A la hora de negociar acuerdos comerciales -y lo podemos extender a muchas otras áreas- no es raro escuchar de parte de gerentes, profesionales y otros que se dicen negociadores frases como; “que negocien solo los técnicos y llamemos a los abogados si hay problemas” o, “dejemos a los abogados afuera para poder avanzar” y/o “cuando veamos las materias netamente legales llamamos a los abogados“. Pues bien, para cuando los abogados ingresan a la negociación por lo general hay que empezar a arreglar y ajustar cláusulas, conceptos y, muchas veces, deshacer lo hecho en beneficio de que el acuerdo sea claro y entendible logrando expresar así el ”acuerdo real” que se pretendió alcanzar.
En esta oportunidad me referiré a tres conceptos importantes que se encuentran reflejados en las aseveraciones anteriores, a saber; a) la labor del abogado en la negociación, b) la errónea percepción que se tiene del aporte del abogado en los procesos negociadores y, c) la responsabilidad que tenemos como abogados de intervenir en los procesos de negociación desde un principio y de interiorizarnos de todos los aspectos del negocio o industria en el que ejercemos la profesión.

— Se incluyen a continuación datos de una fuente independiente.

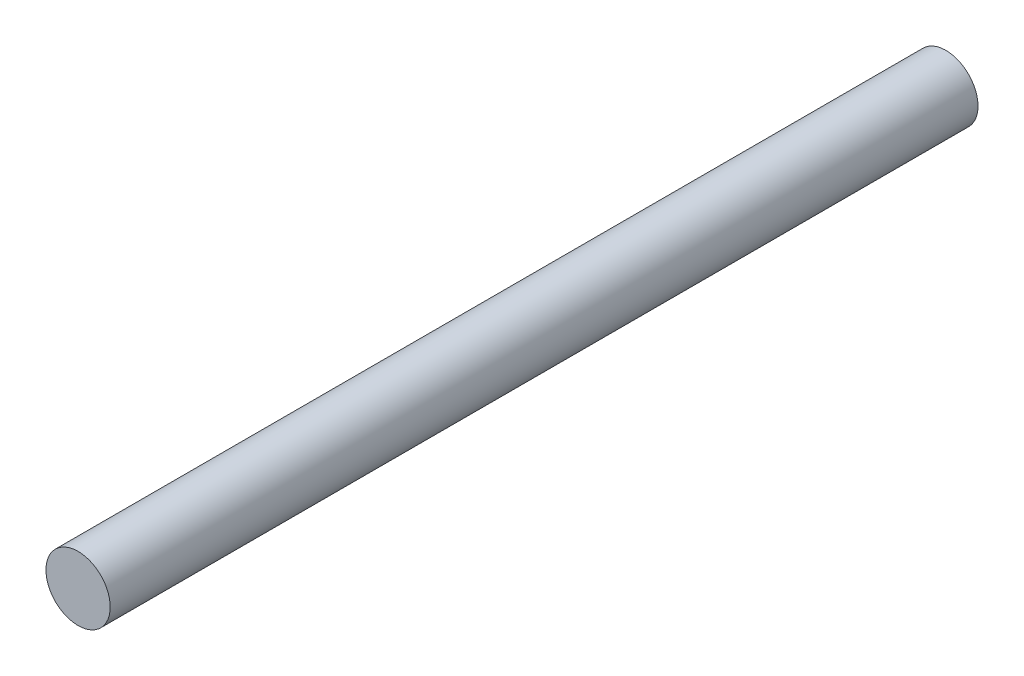
ISO-10303-21;
HEADER;
FILE_DESCRIPTION(('STEP AP214'),'2;1');
FILE_NAME('part.step','',(''),(''),'','','');
FILE_SCHEMA(('AUTOMOTIVE_DESIGN { 1 0 10303 214 1 1 1 1 }'));
ENDSEC;
DATA;
#1=APPLICATION_CONTEXT('core data for automotive mechanical design processes');
#2=APPLICATION_PROTOCOL_DEFINITION('international standard','automotive_design',2000,#1);
#3=PRODUCT_CONTEXT('',#1,'mechanical');
#4=PRODUCT('Part','Part','',(#3));
#5=PRODUCT_RELATED_PRODUCT_CATEGORY('part','',(#4));
#6=PRODUCT_DEFINITION_FORMATION('','',#4);
#7=PRODUCT_DEFINITION_CONTEXT('part definition',#1,'design');
#8=PRODUCT_DEFINITION('design','',#6,#7);
#9=PRODUCT_DEFINITION_SHAPE('','',#8);
#10=(LENGTH_UNIT() NAMED_UNIT(*) SI_UNIT(.MILLI.,.METRE.));
#11=(NAMED_UNIT(*) PLANE_ANGLE_UNIT() SI_UNIT($,.RADIAN.));
#12=(NAMED_UNIT(*) SI_UNIT($,.STERADIAN.) SOLID_ANGLE_UNIT());
#13=UNCERTAINTY_MEASURE_WITH_UNIT(LENGTH_MEASURE(1.E-05),#10,'distance_accuracy_value','');
#14=(GEOMETRIC_REPRESENTATION_CONTEXT(3) GLOBAL_UNCERTAINTY_ASSIGNED_CONTEXT((#13)) GLOBAL_UNIT_ASSIGNED_CONTEXT((#10,
#11,#12)) REPRESENTATION_CONTEXT('',''));
#15=CARTESIAN_POINT('',(0.,0.,0.));
#16=DIRECTION('',(0.,0.,1.));
#17=DIRECTION('',(1.,0.,0.));
#18=AXIS2_PLACEMENT_3D('',#15,#16,#17);
#19=CARTESIAN_POINT('',(0.,0.,67.5));
#20=DIRECTION('',(0.,0.,-1.));
#21=DIRECTION('',(-1.,0.,0.));
#22=AXIS2_PLACEMENT_3D('',#19,#20,#21);
#23=CYLINDRICAL_SURFACE('',#22,5.);
#24=CARTESIAN_POINT('',(0.,0.,67.5));
#25=DIRECTION('',(0.,0.,1.));
#26=DIRECTION('',(1.,0.,0.));
#27=AXIS2_PLACEMENT_3D('',#24,#25,#26);
#28=CIRCLE('',#27,5.);
#29=CARTESIAN_POINT('',(5.,0.,67.5));
#30=VERTEX_POINT('',#29);
#31=EDGE_CURVE('E10',#30,#30,#28,.T.);
#32=ORIENTED_EDGE('',*,*,#31,.F.);
#33=EDGE_LOOP('',(#32));
#34=FACE_BOUND('',#33,.T.);
#35=CARTESIAN_POINT('',(0.,0.,-67.5));
#36=DIRECTION('',(0.,0.,1.));
#37=DIRECTION('',(1.,0.,0.));
#38=AXIS2_PLACEMENT_3D('',#35,#36,#37);
#39=CIRCLE('',#38,5.);
#40=CARTESIAN_POINT('',(5.,0.,-67.5));
#41=VERTEX_POINT('',#40);
#42=EDGE_CURVE('E34',#41,#41,#39,.T.);
#43=ORIENTED_EDGE('',*,*,#42,.T.);
#44=EDGE_LOOP('',(#43));
#45=FACE_BOUND('',#44,.T.);
#46=ADVANCED_FACE('F31',(#34,#45),#23,.T.);
#47=CARTESIAN_POINT('',(0.,0.,67.5));
#48=DIRECTION('',(0.,0.,1.));
#49=DIRECTION('',(1.,0.,0.));
#50=AXIS2_PLACEMENT_3D('',#47,#48,#49);
#51=PLANE('',#50);
#52=ORIENTED_EDGE('',*,*,#31,.T.);
#53=EDGE_LOOP('',(#52));
#54=FACE_BOUND('',#53,.T.);
#55=ADVANCED_FACE('F46',(#54),#51,.T.);
#56=CARTESIAN_POINT('',(0.,0.,-67.5));
#57=DIRECTION('',(0.,0.,1.));
#58=DIRECTION('',(1.,0.,0.));
#59=AXIS2_PLACEMENT_3D('',#56,#57,#58);
#60=PLANE('',#59);
#61=ORIENTED_EDGE('',*,*,#42,.F.);
#62=EDGE_LOOP('',(#61));
#63=FACE_BOUND('',#62,.T.);
#64=ADVANCED_FACE('F44',(#63),#60,.F.);
#65=CLOSED_SHELL('',(#46,#55,#64));
#66=MANIFOLD_SOLID_BREP('B2',#65);
#67=ADVANCED_BREP_SHAPE_REPRESENTATION('',(#18,#66),#14);
#68=SHAPE_DEFINITION_REPRESENTATION(#9,#67);
ENDSEC;
END-ISO-10303-21;
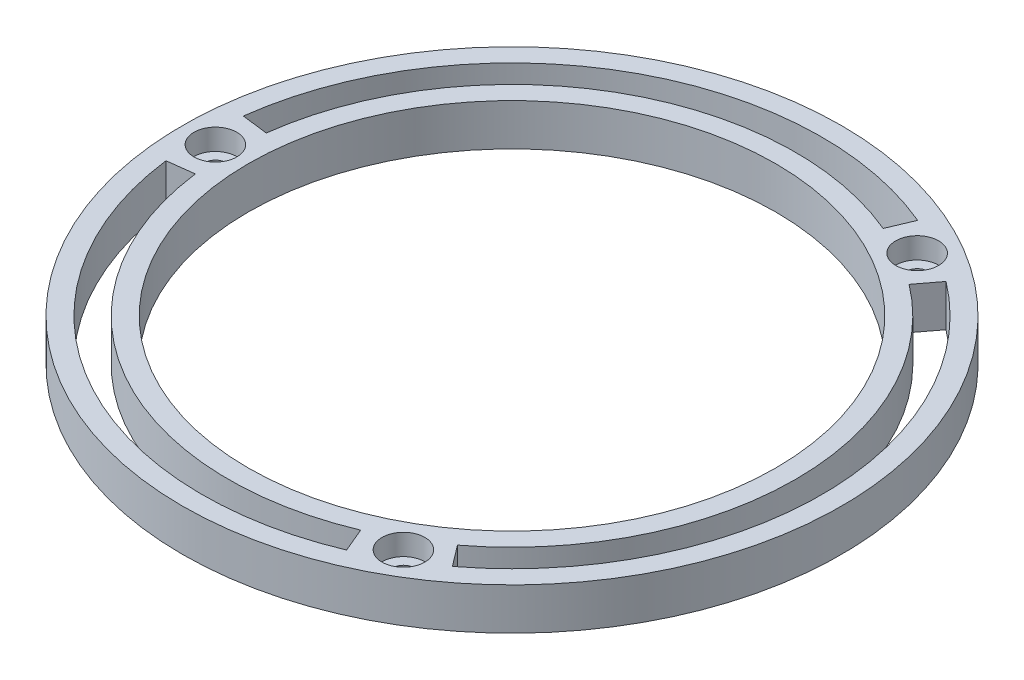
ISO-10303-21;
HEADER;
FILE_DESCRIPTION(('STEP AP214'),'2;1');
FILE_NAME('part.step','',(''),(''),'','','');
FILE_SCHEMA(('AUTOMOTIVE_DESIGN { 1 0 10303 214 1 1 1 1 }'));
ENDSEC;
DATA;
#1=APPLICATION_CONTEXT('core data for automotive mechanical design processes');
#2=APPLICATION_PROTOCOL_DEFINITION('international standard','automotive_design',2000,#1);
#3=PRODUCT_CONTEXT('',#1,'mechanical');
#4=PRODUCT('Part','Part','',(#3));
#5=PRODUCT_RELATED_PRODUCT_CATEGORY('part','',(#4));
#6=PRODUCT_DEFINITION_FORMATION('','',#4);
#7=PRODUCT_DEFINITION_CONTEXT('part definition',#1,'design');
#8=PRODUCT_DEFINITION('design','',#6,#7);
#9=PRODUCT_DEFINITION_SHAPE('','',#8);
#10=(LENGTH_UNIT() NAMED_UNIT(*) SI_UNIT(.MILLI.,.METRE.));
#11=(NAMED_UNIT(*) PLANE_ANGLE_UNIT() SI_UNIT($,.RADIAN.));
#12=(NAMED_UNIT(*) SI_UNIT($,.STERADIAN.) SOLID_ANGLE_UNIT());
#13=UNCERTAINTY_MEASURE_WITH_UNIT(LENGTH_MEASURE(1.E-05),#10,'distance_accuracy_value','');
#14=(GEOMETRIC_REPRESENTATION_CONTEXT(3) GLOBAL_UNCERTAINTY_ASSIGNED_CONTEXT((#13)) GLOBAL_UNIT_ASSIGNED_CONTEXT((#10,
#11,#12)) REPRESENTATION_CONTEXT('',''));
#15=CARTESIAN_POINT('',(0.,0.,0.));
#16=DIRECTION('',(0.,0.,1.));
#17=DIRECTION('',(1.,0.,0.));
#18=AXIS2_PLACEMENT_3D('',#15,#16,#17);
#19=CARTESIAN_POINT('',(22.5,-0.00100000000000013,-38.9711431702997));
#20=DIRECTION('',(0.,1.,0.));
#21=DIRECTION('',(0.,0.,1.));
#22=AXIS2_PLACEMENT_3D('',#19,#20,#21);
#23=CYLINDRICAL_SURFACE('',#22,1.65);
#24=CARTESIAN_POINT('',(22.5,0.,-38.9711431702997));
#25=DIRECTION('',(0.,1.,0.));
#26=DIRECTION('',(0.,0.,1.));
#27=AXIS2_PLACEMENT_3D('',#24,#25,#26);
#28=CIRCLE('',#27,1.65);
#29=CARTESIAN_POINT('',(22.5,0.,-37.3211431702997));
#30=VERTEX_POINT('',#29);
#31=EDGE_CURVE('E235',#30,#30,#28,.F.);
#32=ORIENTED_EDGE('',*,*,#31,.T.);
#33=EDGE_LOOP('',(#32));
#34=FACE_BOUND('',#33,.T.);
#35=CARTESIAN_POINT('',(22.5,3.15,-38.9711431702997));
#36=DIRECTION('',(0.,1.,0.));
#37=DIRECTION('',(0.,0.,1.));
#38=AXIS2_PLACEMENT_3D('',#35,#36,#37);
#39=CIRCLE('',#38,1.65);
#40=CARTESIAN_POINT('',(22.5,3.15,-37.3211431702997));
#41=VERTEX_POINT('',#40);
#42=EDGE_CURVE('E49',#41,#41,#39,.F.);
#43=ORIENTED_EDGE('',*,*,#42,.F.);
#44=EDGE_LOOP('',(#43));
#45=FACE_BOUND('',#44,.T.);
#46=ADVANCED_FACE('F45',(#34,#45),#23,.F.);
#47=CARTESIAN_POINT('',(22.5,-0.00100000000000013,38.9711431702997));
#48=DIRECTION('',(0.,1.,0.));
#49=DIRECTION('',(0.,0.,1.));
#50=AXIS2_PLACEMENT_3D('',#47,#48,#49);
#51=CYLINDRICAL_SURFACE('',#50,1.65);
#52=CARTESIAN_POINT('',(22.5,0.,38.9711431702997));
#53=DIRECTION('',(0.,1.,0.));
#54=DIRECTION('',(0.,0.,1.));
#55=AXIS2_PLACEMENT_3D('',#52,#53,#54);
#56=CIRCLE('',#55,1.65);
#57=CARTESIAN_POINT('',(22.5,0.,40.6211431702997));
#58=VERTEX_POINT('',#57);
#59=EDGE_CURVE('E239',#58,#58,#56,.F.);
#60=ORIENTED_EDGE('',*,*,#59,.T.);
#61=EDGE_LOOP('',(#60));
#62=FACE_BOUND('',#61,.T.);
#63=CARTESIAN_POINT('',(22.5,3.15,38.9711431702997));
#64=DIRECTION('',(0.,1.,0.));
#65=DIRECTION('',(0.,0.,1.));
#66=AXIS2_PLACEMENT_3D('',#63,#64,#65);
#67=CIRCLE('',#66,1.65);
#68=CARTESIAN_POINT('',(22.5,3.15,40.6211431702997));
#69=VERTEX_POINT('',#68);
#70=EDGE_CURVE('E229',#69,#69,#67,.F.);
#71=ORIENTED_EDGE('',*,*,#70,.F.);
#72=EDGE_LOOP('',(#71));
#73=FACE_BOUND('',#72,.T.);
#74=ADVANCED_FACE('F311',(#62,#73),#51,.F.);
#75=CARTESIAN_POINT('',(-45.,-0.00100000000000013,0.));
#76=DIRECTION('',(0.,1.,0.));
#77=DIRECTION('',(0.,0.,1.));
#78=AXIS2_PLACEMENT_3D('',#75,#76,#77);
#79=CYLINDRICAL_SURFACE('',#78,1.65);
#80=CARTESIAN_POINT('',(-45.,0.,0.));
#81=DIRECTION('',(0.,1.,0.));
#82=DIRECTION('',(0.,0.,1.));
#83=AXIS2_PLACEMENT_3D('',#80,#81,#82);
#84=CIRCLE('',#83,1.65);
#85=CARTESIAN_POINT('',(-45.,0.,1.65));
#86=VERTEX_POINT('',#85);
#87=EDGE_CURVE('E174',#86,#86,#84,.F.);
#88=ORIENTED_EDGE('',*,*,#87,.T.);
#89=EDGE_LOOP('',(#88));
#90=FACE_BOUND('',#89,.T.);
#91=CARTESIAN_POINT('',(-45.,3.15,0.));
#92=DIRECTION('',(0.,1.,0.));
#93=DIRECTION('',(0.,0.,1.));
#94=AXIS2_PLACEMENT_3D('',#91,#92,#93);
#95=CIRCLE('',#94,1.65);
#96=CARTESIAN_POINT('',(-45.,3.15,1.65));
#97=VERTEX_POINT('',#96);
#98=EDGE_CURVE('E227',#97,#97,#95,.F.);
#99=ORIENTED_EDGE('',*,*,#98,.F.);
#100=EDGE_LOOP('',(#99));
#101=FACE_BOUND('',#100,.T.);
#102=ADVANCED_FACE('F316',(#90,#101),#79,.F.);
#103=CARTESIAN_POINT('',(0.,6.35,0.));
#104=DIRECTION('',(-0.796732942804221,0.,0.604331546297664));
#105=DIRECTION('',(0.604331546297664,0.,0.796732942804221));
#106=AXIS2_PLACEMENT_3D('',#103,#104,#105);
#107=PLANE('',#106);
#108=DIRECTION('',(-0.604331546297664,0.,-0.796732942804221));
#109=VECTOR('',#108,1.);
#110=CARTESIAN_POINT('',(0.,0.,0.));
#111=LINE('',#110,#109);
#112=CARTESIAN_POINT('',(28.4035826759902,0.,37.4464483117984));
#113=VERTEX_POINT('',#112);
#114=CARTESIAN_POINT('',(25.9862564907996,0.,34.2595165405815));
#115=VERTEX_POINT('',#114);
#116=EDGE_CURVE('E197',#113,#115,#111,.T.);
#117=ORIENTED_EDGE('',*,*,#116,.T.);
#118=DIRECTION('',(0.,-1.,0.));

a) Equipo negociador; “que negocien los técnicos y llamemos a los abogados si hay problemas”. Hoy por hoy se esta afianzando cada vez mas el concepto de “equipo negociador”. Esto significa que una vez conformado un “team” multidisciplinario para llevar a cabo una negociación, éste debe mantenerse y trabajar conjuntamente en cada una de las materias relevantes hasta su término. Constituye un gran error en estrategia negociadora recurrir a la “distribución por especialidades” de cláusulas o materias entre los miembros del equipo negociador (situación que los técnicos generalmente consideran de mayor conveniencia) pues se pierde así la visión general-macro del acuerdo y por ende la posibilidad real de “negociar”, de ceder aquí y exprimir allá, de rankear en importancia las diversas disposiciones del acuerdo y saber cual es mi “walk away point” (punto de retiro de la negociación cuando el acuerdo ya no es conveniente) a la vez de tener clara una o mas propuestas alternativas en caso de no alcanzar el acuerdo en un determinado punto, lo que se suele llamar “fall back position”. En efecto, si dividimos o seccionamos un acuerdo y lo distribuimos entre los diversos miembros del equipo, es muy probable que incluso una sola persona como contraparte sea capaz de dividir, confundir y obtener para su compañía beneficios “adicionales” derivados de esta negociación.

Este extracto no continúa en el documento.